Mountains or Manipulations?
Olivo Barbieri
The Dolomites Project
Don Burmeister
The Dolomites Project (#7) by Olivo Barbieri. Source: yanceyrichardson.com
Olivo Barbieri, "The Dolomites Project (#7)" 2010

Documenting the landscape has been a prime activity of photographers from the very beginnings of the art. Nineteenth century adventurers traveled the world documenting ancient ruins and exotic scenes. Although their photographs were perhaps not held in as high regard as drawings and paintings, the veracity of the photograph was always its trump card. “You may not believe what I say, but just look at what I saw!” Photographers knew perfectly well that their images were distortions at best and total fabrications at the extreme. First they had to overcome the limitations of the technology. But then, if they pushed things a little more, it could be justified as capturing the ‘essence’ of the place.

Over the decades a sort of landscape arms-race has taken place, both in the field (being at just the right place when the clouds break to reveal the moon rising under a rainbow on the vernal equinox) but also on the technical side: dry plates, film, faster films, smaller cameras, color. And then, in 1990, the Hiroshima of modern photography, Photoshop, arrived.
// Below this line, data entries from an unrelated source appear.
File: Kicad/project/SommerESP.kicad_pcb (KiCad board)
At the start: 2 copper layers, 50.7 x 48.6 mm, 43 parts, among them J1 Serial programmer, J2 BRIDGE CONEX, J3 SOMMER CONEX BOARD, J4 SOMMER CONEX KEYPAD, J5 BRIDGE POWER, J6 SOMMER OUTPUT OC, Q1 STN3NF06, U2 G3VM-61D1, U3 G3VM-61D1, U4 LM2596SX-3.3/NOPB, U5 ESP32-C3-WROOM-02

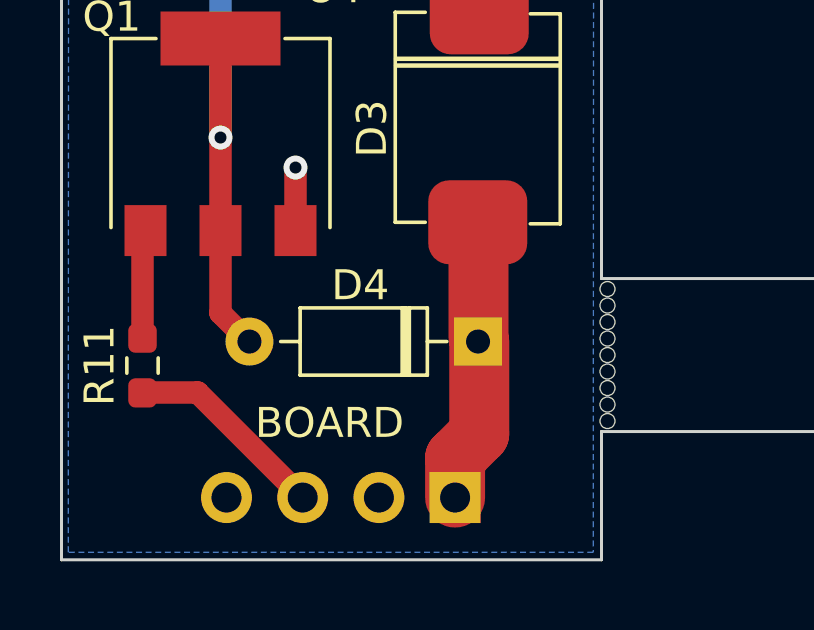
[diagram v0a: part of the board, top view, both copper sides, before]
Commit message: Found an error in the schematic for Diode D4. Was inverted in the schematic but correct in the PCB and Photos.
Thank you to Stefano Gnocato for pointing that out!
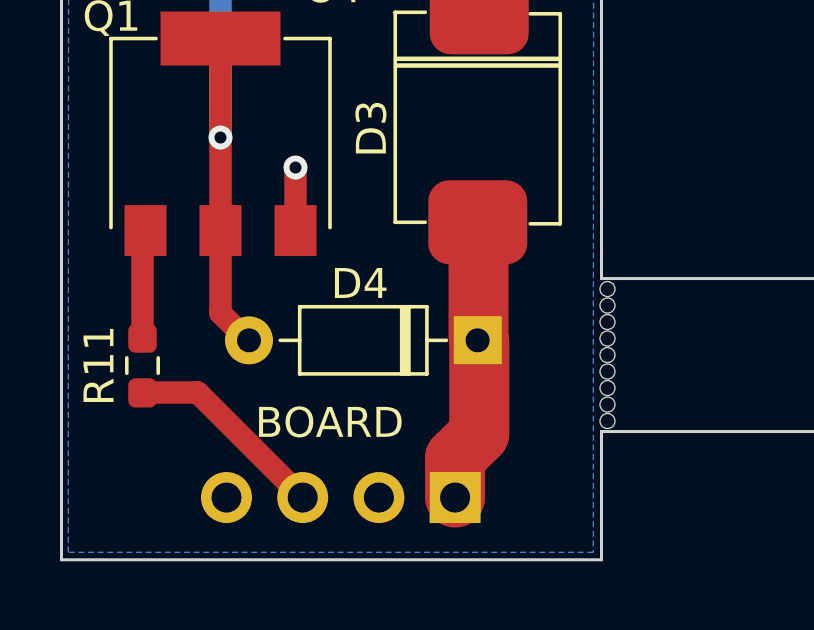
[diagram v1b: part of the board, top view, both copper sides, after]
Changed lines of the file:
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@@
   )
   (footprint "Diode_THT:D_DO-35_SOD27_P7.62mm_Horizontal" (layer "F.Cu")
-    (at 103.085 92.3 180)
+    (at 103.07 92.26 180)
     (descr "Diode, DO-35_SOD27 series, Axial, Horizontal, pin pitch=7.62mm, , length*diameter=4*2mm^2, , http://www.diodes.com/_files/packages/DO-35.pdf")
     (tags "Diode DO-35_SOD27 series Axial Horizontal pin pitch 7.62mm  length 4mm diameter 2mm")
     (property "Sheetfile" "SommerESP.kicad_sch")
     (property "Sheetname" "")
-    (property "ki_description" "Diode symbol for simulation only. Pin order incompatible with official kicad footprints")
-    (property "ki_keywords" "simulation")
+    (property "Sim.Device" "D")
+    (property "Sim.Pins" "1=K 2=A")
+    (property "ki_description" "100V 0.15A standard switching diode, DO-35")
+    (property "ki_keywords" "diode")
     (attr through_hole)
     (fp_text reference "D4" (at 3.925 1.875) (layer "F.SilkS")
@@
       (stroke (width 0.1) (type solid)) (layer "F.Fab"))
     (pad "1" thru_hole rect (at 0 0 180) (size 1.6 1.6) (drill 0.8) (layers "*.Cu" "*.Mask")
-      (net 10 "+24V") (pinfunction "K") (pintype "input"))
+      (net 10 "+24V") (pinfunction "K") (pintype "passive"))
     (pad "2" thru_hole oval (at 7.62 0 180) (size 1.6 1.6) (drill 0.8) (layers "*.Cu" "*.Mask")
-      (net 11 "AnalogSIG") (pinfunction "A") (pintype "input"))
+      (net 11 "AnalogSIG") (pinfunction "A") (pintype "passive"))
     (model "${KICAD6_3DMODEL_DIR}/Diode_THT.3dshapes/D_DO-35_SOD27_P7.62mm_Horizontal.wrl"
       (offset (xyz 0 0 0))

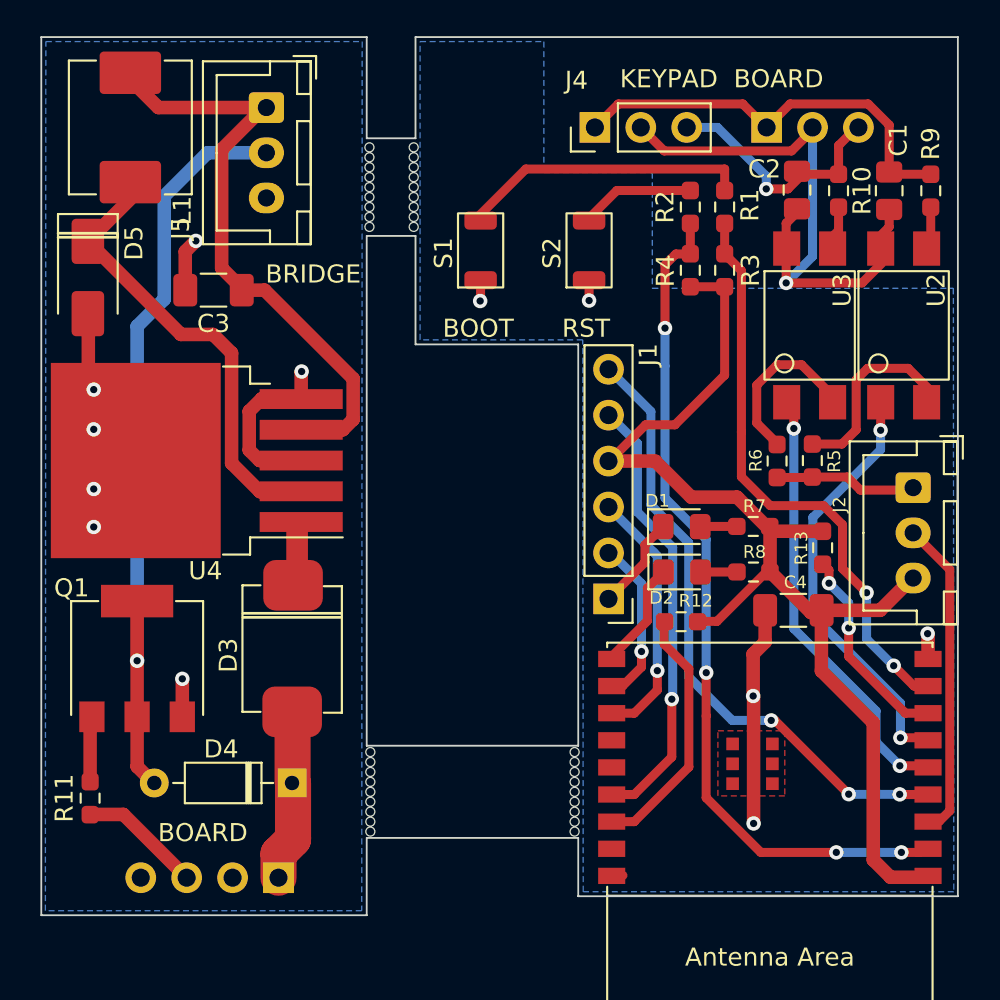
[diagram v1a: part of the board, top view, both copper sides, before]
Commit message: Updated Kicad to version 8 Added references to LCSC part numbers in the project and BOM Cleaned up a bit of silkscreen text and added some references Added JLCJLCJLCJLC on the silkscreen for the order number on JLC
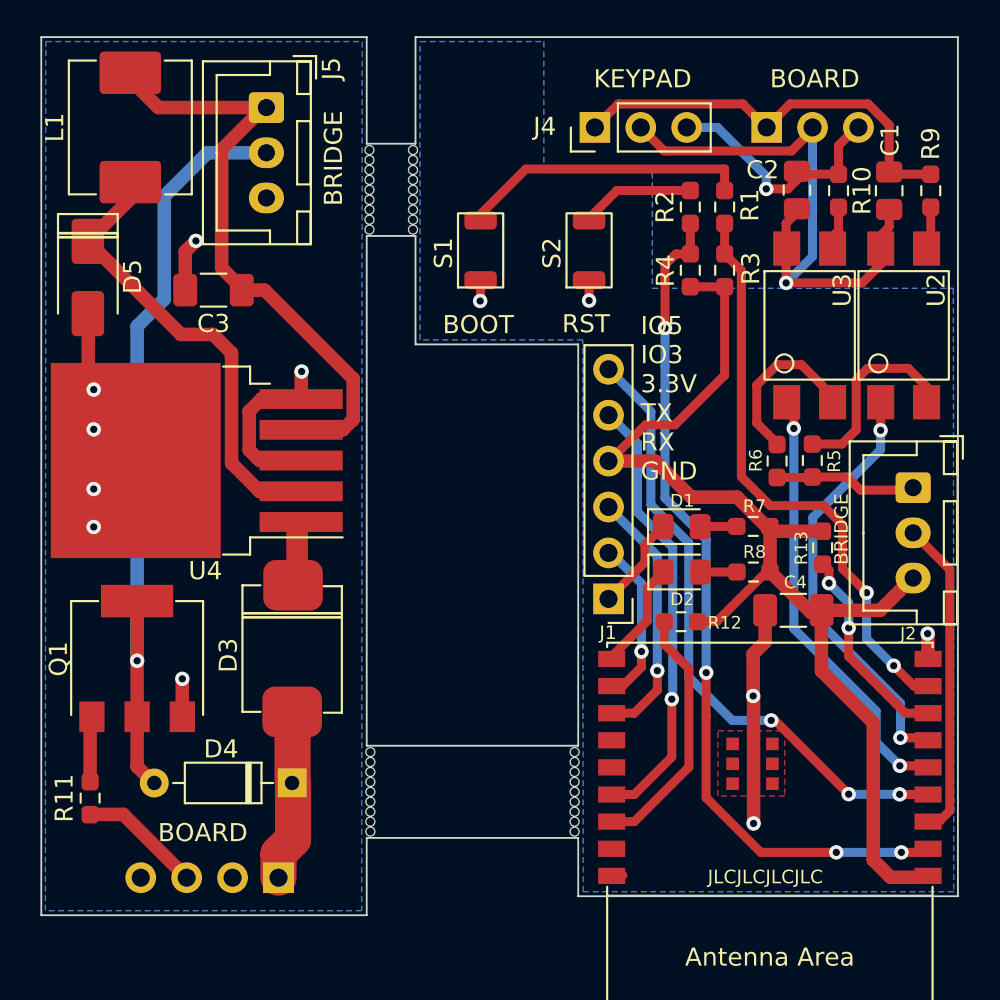
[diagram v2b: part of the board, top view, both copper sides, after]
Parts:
- moved REF** 0.16 mm to (109.8, 59.5)
- moved REF** 0.15 mm to (107.3, 59.5)
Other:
- outline, holes or cut-outs redrawn
- board text added: "JLCJLCJLCJLC"
- board text added: "SommerESP v1.1 Control board"
- board text added: "SommerESP v1.1 Power board"
- board text removed: "SommerESP v1 Control board"
- board text removed: "SommerESP v1 Power board"

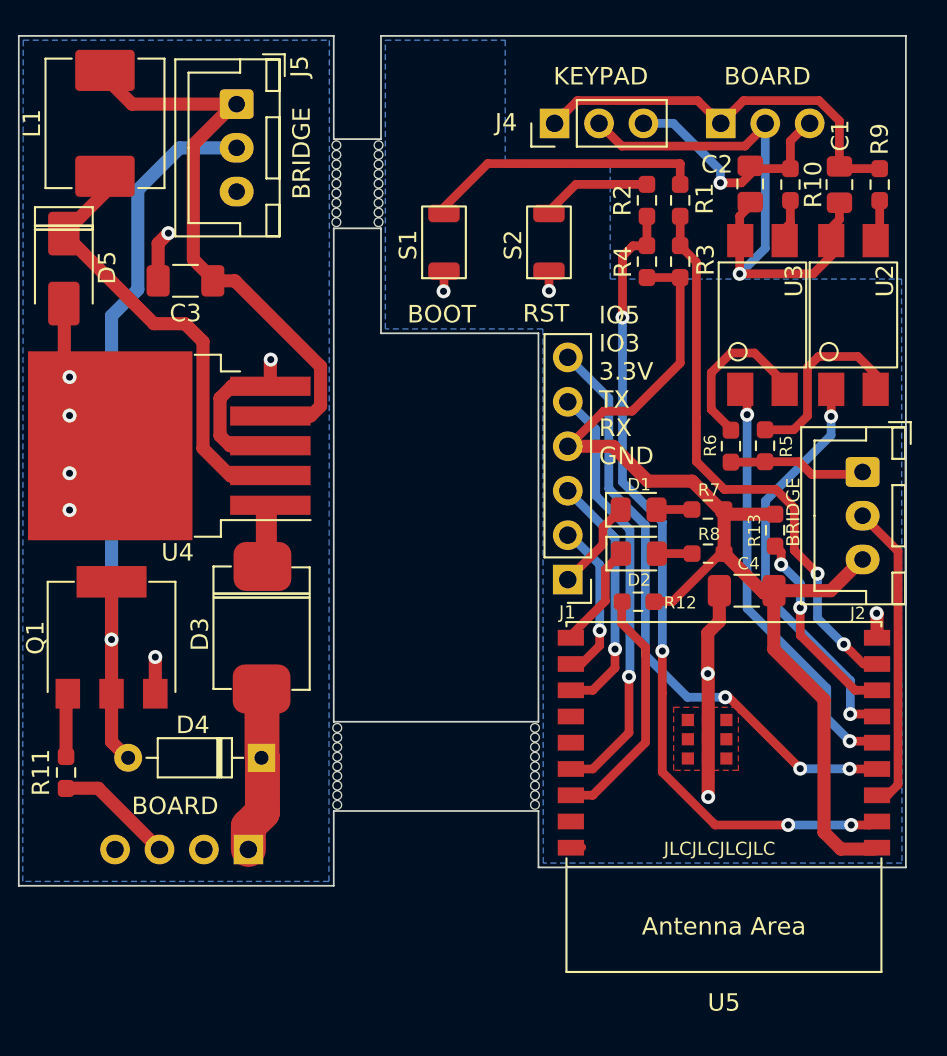
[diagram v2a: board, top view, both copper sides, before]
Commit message: Updated to V2. This is a transition version.
Updated yaml and added M3c4tr0x confirmation of
board working
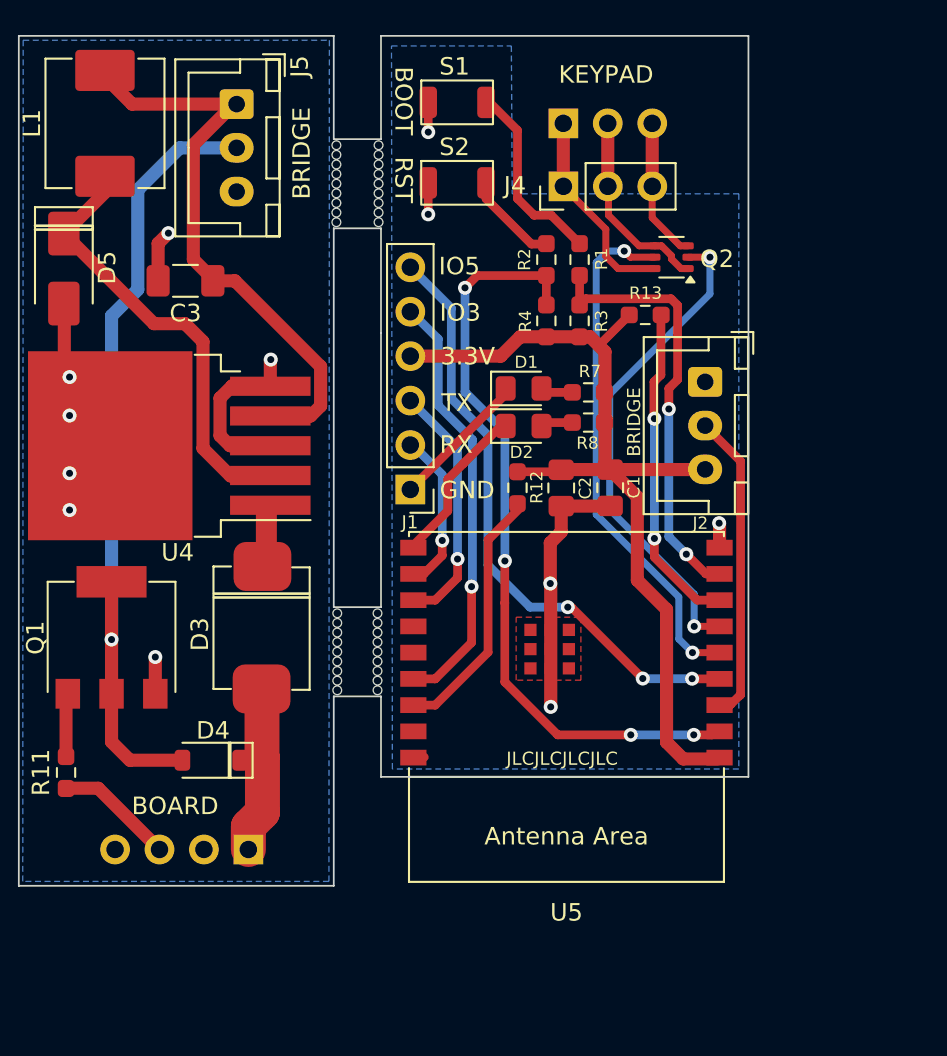
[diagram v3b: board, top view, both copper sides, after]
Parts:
- removed the C2 at (131.0, 59.5)
- removed R10, R9: 0603 100ohm, Resistor_SMD:R_0603_1608Metric_Pad0.98x0.95mm_HandSolder
- removed R5, R6: 0603 390, Resistor_SMD:R_0603_1608Metric_Pad0.98x0.95mm_HandSolder
- removed U2, U3: G3VM-61D1, CustomLibrary:G3VM-61D1
- added Q2: 2N7002DW, Package_TO_SOT_SMD:SOT-363_SC-70-6, F.Cu at (126.5, 63.6)
- C1: value 240 pf -> 0805 10uf
- C2: renamed from C4; value 1206 220uf -> 0805 100nf; footprint Capacitor_SMD:C_1206_3216Metric_Pad1.33x1.80mm_HandSolder -> Capacitor_SMD:C_0805_2012Metric_Pad1.18x1.45mm_HandSolder
- D1: value LED -> LED GREEN
- D2: value LED -> LED BLUE
- D4: footprint Diode_THT:D_DO-35_SOD27_P7.62mm_Horizontal -> Diode_SMD:D_SOD-123
- H1, H2, H3, H4: renamed from REF**; value Panelizing_1_1 -> MountingHole
- moved C1 21.7 mm to (123.0, 76.8)
- moved R13 14.4 mm to (125.0, 67.0), turned to 180 degrees
- moved C2 12.1 mm to (120.2, 76.8), turned to -90 degrees
- moved H4 11.1 mm to (109.7, 86.2)
- moved J1 10.4 mm to (111.6, 76.9)
- moved U5 10.4 mm to (120.5, 86.3)
- moved J2 10.4 mm to (128.4, 70.8)
- moved R8 10.1 mm to (121.8, 73.1)
- moved G*** 10.1 mm to (127.3, 85.2)
- moved D2 9.83 mm to (118.0, 73.3)
- moved R7 9.57 mm to (121.8, 71.4)
- moved D1 9.55 mm to (118.0, 71.2)
- moved R12 9.48 mm to (117.7, 76.8), turned to 90 degrees
- moved G*** 9.33 mm to (124.0, 64.3)
- moved J3 9.00 mm to (120.3, 56.0)
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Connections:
- C1 pad 1: Keypad1 -> +3.3VA
- C1 pad 2: Keypad2 -> GND2
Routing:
- net Keypad2: track 31.2 -> 11.0 mm, vias 1 -> 0
- net Keypad1: track 23.0 -> 11.4 mm
- net +3.3VA: track 63.3 -> 51.8 mm
- net Net-(U2-K): track 10.3 -> 0.00 mm
- net Net-(U3-K): track 8.88 -> 0.00 mm
- net IO9: track 32.2 -> 24.6 mm
- net IO8: track 11.3 -> 18.4 mm
- net IO6: track 23.3 -> 30.1 mm
- net Keypad3: track 13.8 -> 7.81 mm, vias 1 -> 0
- net IO7: track 23.3 -> 28.2 mm
- net Net-(R1-Pad1): track 15.6 -> 10.9 mm
- net EN: track 46.7 -> 43.1 mm
- net IO10: track 5.88 -> 8.99 mm
- net AnalogSIG: track 43.4 -> 46.3 mm
- net Net-(R9-Pad1): track 2.39 -> 0.00 mm
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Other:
- board size 50.7 x 48.6 mm -> 41.7 x 48.6 mm
- board text added: "3.3V"
- board text added: "GND"
- board text added: "IO3"
- board text added: "IO5"
- board text added: "RX"
- board text added: "SommerESP v2.0 Control board"
- board text added: "SommerESP v2.0 Power board"
- board text added: "TX"
- board text removed: "SommerESP v1.1 Control board"
- board text removed: "SommerESP v1.1 Power board"

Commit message: Version 3.0 of SommerESP
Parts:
- removed the G*** at (96.0, 83.3)
- removed H1, H2, H3, H4: MountingHole, CustomLibrary:Panelizing_1_1
- removed J2: BRIDGE CONEX, Connector_JST:JST_XH_B3B-XH-A_1x03_P2.50mm_Vertical
- removed J5: BRIDGE POWER, Connector_JST:JST_XH_B3B-XH-A_1x03_P2.50mm_Vertical
- added C4: 0805 22uf, Capacitor_SMD:C_0805_2012Metric_Pad1.18x1.45mm_HandSolder, F.Cu at (69.7, 40.1)
- D1: value LED GREEN -> LED Green
- D2: value LED BLUE -> LED Blue
- J1: footprint Connector_PinHeader_2.54mm:PinHeader_1x06_P2.54mm_Vertical -> Connector_PinHeader_2.54mm:PinHeader_1x08_P2.54mm_Vertical
- U4: value LM2596SX-3.3/NOPB -> LM2596SX-3.3/NOPB
- moved C1 93.4 mm to (44.5, 26.1), turned to 0 degrees
- moved R8 93.1 mm to (39.8, 28.9)
- moved C2 89.7 mm to (44.6, 28.6), turned to 0 degrees
- moved D2 88.9 mm to (39.8, 31.3), turned to 180 degrees
- moved R12 86.4 mm to (44.6, 30.8), turned to 180 degrees
- moved U5 85.7 mm to (47.8, 40.9)
- moved J1 82.4 mm to (35.6, 45.1)
- moved J4 78.7 mm to (49.1, 26.1)
- moved J3 76.0 mm to (49.1, 29.5)
- moved Q2 75.4 mm to (59.1, 30.0)
- moved J6 72.0 mm to (63.7, 36.7), turned to 0 degrees
- moved G*** 71.9 mm to (73.5, 37.5), turned to 180 degrees
- moved R13 71.1 mm to (60.0, 38.2), turned to -90 degrees
- moved D4 68.7 mm to (78.7, 27.1)
- moved R3 62.7 mm to (64.0, 41.9), turned to 90 degrees
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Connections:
- C1 pad 1: +3.3VA -> +3.3V
- C1 pad 2: GND2 -> GND
- C2 pad 1: +3.3VA -> +3.3V
- C2 pad 2: GND2 -> GND
- D1 pad 1: GND2 -> GND
- J1 pad 1: GND2 -> GND
- J1 pad 2: RX -> IO3
- J1 pad 3: TX -> IO19
- J1 pad 4: +3.3VA -> IO18
- J1 pad 5: IO3 -> TX
- J1 pad 6: IO5 -> RX
- R12 pad 2: +3.3VA -> +3.3V
- R13 pad 2: +3.3VA -> +3.3V
- R3 pad 2: +3.3VA -> +3.3V
- R4 pad 2: +3.3VA -> +3.3V
- R7 pad 1: +3.3VA -> +3.3V
- R8 pad 1: +3.3VA -> +3.3V
- S1 pad 2: GND2 -> GND
- S2 pad 2: GND2 -> GND
- U5 pad 1: +3.3VA -> +3.3V
- U5 pad 13: unconnected-(U5-GPIO18/USB_D--Pad13) -> IO18
- U5 pad 14: unconnected-(U5-GPIO19/USB_D+-Pad14) -> IO19
- U5 pad 19: GND2 -> GND
- U5 pad 3: ANALOGSIG2 -> AnalogSIG
- U5 pad 9: GND2 -> GND
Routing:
- net +3.3V: track 32.9 -> 120.3 mm, vias 0 -> 4
- net +3.3VA: track 51.8 -> 0.00 mm
- net GND2: track 27.1 -> 0.00 mm, vias 5 -> 0
- net EN: track 43.1 -> 17.5 mm, vias 4 -> 2
- net IO3: track 24.6 -> 3.58 mm, vias 1 -> 0
- net ANALOGSIG2: track 17.9 -> 0.00 mm
- net IO7: track 28.2 -> 12.9 mm, vias 2 -> 0
- net +24V: track 9.26 -> 24.2 mm, vias 0 -> 1
- net IO6: track 30.1 -> 15.3 mm
- net IO8: track 18.4 -> 5.27 mm
- net GND: track 19.4 -> 30.4 mm, vias 7 -> 15
- net TX: track 14.5 -> 4.35 mm, vias 1 -> 0
- net IO9: track 24.6 -> 15.1 mm
- net IO5: track 34.8 -> 26.1 mm, vias 3 -> 1
- net AnalogSIG: track 46.3 -> 37.6 mm, vias 1 -> 2
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- added copper zone on F.Cu, net GND
- removed copper zone on B.Cu, net GND2
- removed copper zone on F.Cu, net GND2
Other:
- board size 41.7 x 48.6 mm -> 76.8 x 23.5 mm
- board text added: ">"
- board text added: "IO18"
- board text added: "IO19"
- board text added: "POWER"
- board text added: "STATUS"
- board text added: "SommerESP V3"
- board text added: "SommerESP v3.0"
- board text removed: "BOARD"
- board text removed: "BRIDGE"
- board text removed: "IO5 IO3 3.3V TX RX GND"
- board text removed: "SommerESP v2.0 Control board"
- board text removed: "SommerESP v2.0 Power board"

Olivo Barbieri brings the equivalent of a nuclear-powered battleship into his “Dolomite Project”. His large high-resolution images pack a wallop. The white mountains are all encompassing, amazingly sharp and detailed, the clear Alpine air almost felt, the colors crisp and intense. After a minute or two I realized that there were small human figures walking or climbing on the mountains in some of the pictures. Yet all the while I had a slight uneasy feeling about them; I could feel my inner Photoshop-nerd turning over restlessly. At first I thought that the perspectives were manipulated in the computer, or perhaps in the camera. They may well have been, but, more importantly, it turned out that Barbieri took his pictures with a large format camera, while hovering over the mountains in a helicopter! Dizzying indeed. The supernal crispness of the mountains was probably just ordinary over-sharpening in the computer, and when you look closely you could see the characteristic ‘unsharp-mask’ halo at the edges of objects.

The Dolomites Project (#3) by Olivo Barbieri. Source: yanceyrichardson.com
Olivo Barbieri, "The Dolomites Project (#3)" 2010

But there was still something else odd about the pictures. Not until my second circuit of the gallery did it become clear. The Dolomites were indeed giant white mountains as they are in real life, but in these pictures they were white in the wrong places! The areas of the mountains that should have been brightest, like the sunlit tops of pinnacles, were dark, and the places that you would expect to be shaded, like crevasses and shadowed areas, were white. Areas more easily assimilated to our eyes, like the tiny hikers on the glaciers, or the snow fields themselves, were kept within ‘normal’ color and density. Adding to the confusion was the color of the mountains, apparently retained with normal ‘positive’ values.

Is this in anyway shocking? Well no. Barbieri is not reporting from the streets of Homs, or discovering ‘hidden sites’ harboring weapons of mass destruction. In a way his manipulated images are more honest than that of many other photographers working today, the obvious comparison being with Andreas Gursky. Their images approach the same scale, but in Gursky’s case the photo manipulations reach the point of almost total invisibility. Gursky’s use of multiple images, his sensitivity to the irregularities of photo collage and their removal, are the heart of his art. Barbieri’s manipulations are up front and easily recognized. For example, one image, rendered in a totally unreal black and blue, has a small view of the sunlit plains beyond the mountains, kept presumably, as a touchstone to the fact that what you are seeing is not exactly what you think it is.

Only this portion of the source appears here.